Although feature-based methods have a high generalization and sequence sensitivity, they are limited by over-relying on expert knowledge-based hand-crafted feature engineering. Deep learning methods, that is, end-to-end differential models can potentially tackle the above limitations. Indeed, they can automatically learn features and invariances of given data and provide a satisfactory generalization despite a large number of parameters. Inspired by their successful application in various research fields [12,13], numerical deep learning methods are proposed for DTA prediction. For example, Öztürk et al. constructed a deep learning model DeepDTA that employed convolutional neural networks (CNNs) to extract high-latent features of drugs and proteins separately and concatenated the two learned features for final prediction through fully connected layers [14]. Moreover, they proposed another DTA model, WideDTA, which integrated different text-based information to better represent the interaction [15]. DeepCDA [16] proposed a bidirectional attention mechanism to encode the binding strength between each protein substructure-composite substructure pair. And then, a combination of CNN and Long Short Term Memory (LSTM) was built to get good representations of proteins and compounds.

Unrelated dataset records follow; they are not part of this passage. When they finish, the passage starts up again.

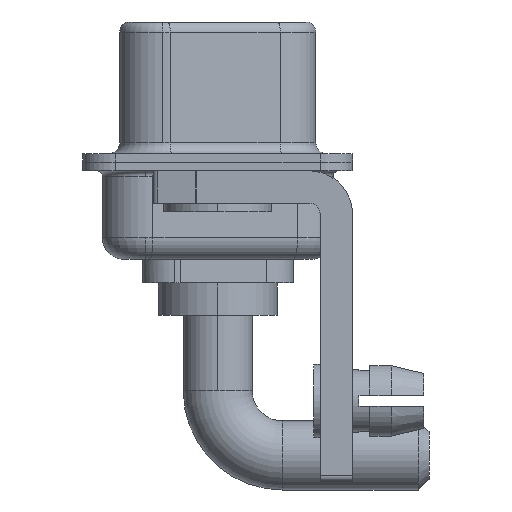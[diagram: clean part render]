
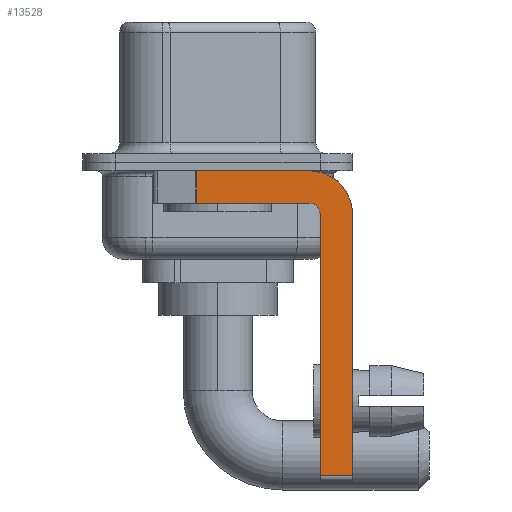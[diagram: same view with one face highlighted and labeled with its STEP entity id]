
A CAD part, left-side view. The second image highlights one B-rep face of the part: STEP entity #13528.
In plain terms, the highlighted planar face has unit normal (-1, 0, 0).
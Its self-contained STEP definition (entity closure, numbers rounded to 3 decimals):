
#163 = DIRECTION ( 'NONE',  ( 0., 0., -1. ) ) ;
#534 = EDGE_CURVE ( 'NONE', #7921, #7771, #10402, .T. ) ;
#572 = DIRECTION ( 'NONE',  ( 0., -1., 0. ) ) ;
#605 = EDGE_CURVE ( 'NONE', #3161, #4578, #14133, .T. ) ;
#655 = VECTOR ( 'NONE', #3700, 1000. ) ;
#802 = CARTESIAN_POINT ( 'NONE',  ( -2.9, -4.25, -2.4 ) ) ;
#1305 = ORIENTED_EDGE ( 'NONE', *, *, #3235, .F. ) ;
#1440 = FACE_OUTER_BOUND ( 'NONE', #5495, .T. ) ;
#2044 = DIRECTION ( 'NONE',  ( 0., 0., 1. ) ) ;
#2096 = CARTESIAN_POINT ( 'NONE',  ( -2.9, -4.25, -14.55 ) ) ;
#2405 = VECTOR ( 'NONE', #572, 1000. ) ;
#2500 = CARTESIAN_POINT ( 'NONE',  ( -2.9, 0.978, -1.9 ) ) ;
#2686 = CARTESIAN_POINT ( 'NONE',  ( -2.9, -6.25, -2.4 ) ) ;
#3001 = VERTEX_POINT ( 'NONE', #12371 ) ;
#3044 = LINE ( 'NONE', #8418, #14151 ) ;
#3161 = VERTEX_POINT ( 'NONE', #8185 ) ;
#3235 = EDGE_CURVE ( 'NONE', #12342, #4578, #4409, .T. ) ;
#3393 = EDGE_CURVE ( 'NONE', #9392, #13895, #15087, .T. ) ;
#3700 = DIRECTION ( 'NONE',  ( 0., 0., -1. ) ) ;
#3783 = DIRECTION ( 'NONE',  ( 1., 0., 0. ) ) ;
#3949 = LINE ( 'NONE', #13112, #13366 ) ;
#4409 = LINE ( 'NONE', #9304, #8587 ) ;
#4578 = VERTEX_POINT ( 'NONE', #4948 ) ;
#4948 = CARTESIAN_POINT ( 'NONE',  ( -2.9, 0.978, -1.9 ) ) ;
#5236 = LINE ( 'NONE', #2686, #7383 ) ;
#5267 = AXIS2_PLACEMENT_3D ( 'NONE', #802, #3783, #6305 ) ;
#5495 = EDGE_LOOP ( 'NONE', ( #7692, #11607, #1305, #15356, #6885, #12848, #14308, #7043 ) ) ;
#5510 = AXIS2_PLACEMENT_3D ( 'NONE', #6601, #15941, #163 ) ;
#6305 = DIRECTION ( 'NONE',  ( 0., 0., -1. ) ) ;
#6601 = CARTESIAN_POINT ( 'NONE',  ( -2.9, -4.25, -2.4 ) ) ;
#6885 = ORIENTED_EDGE ( 'NONE', *, *, #12391, .F. ) ;
#7043 = ORIENTED_EDGE ( 'NONE', *, *, #534, .F. ) ;
#7383 = VECTOR ( 'NONE', #13133, 1000. ) ;
#7692 = ORIENTED_EDGE ( 'NONE', *, *, #14636, .F. ) ;
#7771 = VERTEX_POINT ( 'NONE', #9251 ) ;
#7845 = EDGE_CURVE ( 'NONE', #3001, #12342, #11913, .T. ) ;
#7921 = VERTEX_POINT ( 'NONE', #10007 ) ;
#8015 = DIRECTION ( 'NONE',  ( 0., 1., 0. ) ) ;
#8185 = CARTESIAN_POINT ( 'NONE',  ( -2.9, 0.978, -0.4 ) ) ;
#8339 = DIRECTION ( 'NONE',  ( 0., 0., 1. ) ) ;
#8418 = CARTESIAN_POINT ( 'NONE',  ( -2.9, -4.75, -14.8 ) ) ;
#8587 = VECTOR ( 'NONE', #8015, 1000. ) ;
#9251 = CARTESIAN_POINT ( 'NONE',  ( -2.9, -6.25, -2.4 ) ) ;
#9304 = CARTESIAN_POINT ( 'NONE',  ( -2.9, -4.25, -1.9 ) ) ;
#9392 = VERTEX_POINT ( 'NONE', #13494 ) ;
#9792 = CARTESIAN_POINT ( 'NONE',  ( -2.9, -4.25, -1.9 ) ) ;
#10007 = CARTESIAN_POINT ( 'NONE',  ( -2.9, -4.25, -0.4 ) ) ;
#10402 = CIRCLE ( 'NONE', #5267, 2. ) ;
#10954 = DIRECTION ( 'NONE',  ( -1., 0., 0. ) ) ;
#11271 = CARTESIAN_POINT ( 'NONE',  ( -2.9, -4.25, -2.4 ) ) ;
#11607 = ORIENTED_EDGE ( 'NONE', *, *, #605, .T. ) ;
#11633 = AXIS2_PLACEMENT_3D ( 'NONE', #11271, #10954, #2044 ) ;
#11913 = CIRCLE ( 'NONE', #11633, 0.5 ) ;
#12039 = PLANE ( 'NONE',  #5510 ) ;
#12342 = VERTEX_POINT ( 'NONE', #9792 ) ;
#12371 = CARTESIAN_POINT ( 'NONE',  ( -2.9, -4.75, -2.4 ) ) ;
#12391 = EDGE_CURVE ( 'NONE', #9392, #3001, #3044, .T. ) ;
#12848 = ORIENTED_EDGE ( 'NONE', *, *, #3393, .T. ) ;
#13112 = CARTESIAN_POINT ( 'NONE',  ( -2.9, 3., -0.4 ) ) ;
#13133 = DIRECTION ( 'NONE',  ( 0., 0., -1. ) ) ;
#13366 = VECTOR ( 'NONE', #15483, 1000. ) ;
#13494 = CARTESIAN_POINT ( 'NONE',  ( -2.9, -4.75, -14.55 ) ) ;
#13528 = ADVANCED_FACE ( 'NONE', ( #1440 ), #12039, .F. ) ;
#13710 = CARTESIAN_POINT ( 'NONE',  ( -2.9, -6.25, -14.55 ) ) ;
#13895 = VERTEX_POINT ( 'NONE', #13710 ) ;
#14133 = LINE ( 'NONE', #2500, #655 ) ;
#14151 = VECTOR ( 'NONE', #8339, 1000. ) ;
#14308 = ORIENTED_EDGE ( 'NONE', *, *, #15469, .F. ) ;
#14636 = EDGE_CURVE ( 'NONE', #3161, #7921, #3949, .T. ) ;
#15087 = LINE ( 'NONE', #2096, #2405 ) ;
#15356 = ORIENTED_EDGE ( 'NONE', *, *, #7845, .F. ) ;
#15469 = EDGE_CURVE ( 'NONE', #7771, #13895, #5236, .T. ) ;
#15483 = DIRECTION ( 'NONE',  ( 0., -1., 0. ) ) ;
#15941 = DIRECTION ( 'NONE',  ( 1., 0., 0. ) ) ;

Although CNN-based models have shown satisfactory performance in DTA prediction, these models ignore the structural information. They only use sequences (1-dimensional structure) to represent the input molecules, which may miss the critical spatial information to characterize the intrinsic properties of molecules. To solve this problem, graph neural networks (GNNs), which can extract structural features, are widely used in various DTA prediction models [[17], [18], [19], [20], [21], [22]]. For example, DeepGS [23] first proposed a method to learn the interaction between drugs and targets through the local chemical context and topology structure and then extensive experiments on both large and small benchmark datasets demonstrated the competitiveness and superiority of the proposed DeepGS. GraphDTA [19] represented drug features as graphs and adopted some GNNs, like Graph Convolutional Network (GCN), Graph Attention Network (GAT), and Graph Isomorphic Network (GIN), to extract drug features. The results confirm that deep learning models are beneficial for drug-target binding affinity prediction and representing drugs as graphs is beneficial for model performance improvement. Jiang et al. represented compounds as molecular graphs, utilized contact maps to gain protein graphs through protein sequences, and then built GNN networks to obtain feature representation. The experimental results show that representing proteins through contact maps can improve the prediction performance of the model [24].

Above all, most of the existing deep learning methods fail to consider the contribution of each drug atom and protein residue to the binding affinity and ignore the information hidden in different layers, which will lead to partial information loss during the feature learning process and cause poor prediction performance. Moreover, when concatenating the learned features of drugs and proteins directly, it may introduce much task-irrelevant information without further optimization. To overcome the above limitations, here we propose GSAML-DTA, an interpretable deep learning framework for predicting drug-target binding affinity. First, we construct drug graphs and protein graphs from drug SMILES (Simplified Molecular Input Line Entry System) strings and protein contact maps, respectively. Next, a hybrid network GAT-GCN with a self-attention mechanism is designed to extract layer-wise structural information from drug and protein graphs. The extracted layer-wise features of the drug and target are fused separately, and then fused features are concatenated to obtain a combined representation of a drug-target pair. Finally, the mutual information principle is applied to the combined representation, and the output is fed into fully connected layers to predict binding affinity. Through comprehensive evaluation on two benchmark datasets, we demonstrate that GSAML-DTA outperforms state-of-the-art methods. Additionally, our model can be employed to identify the important binding atoms and residues that contribute most to DTA prediction, thus providing biological interpretability.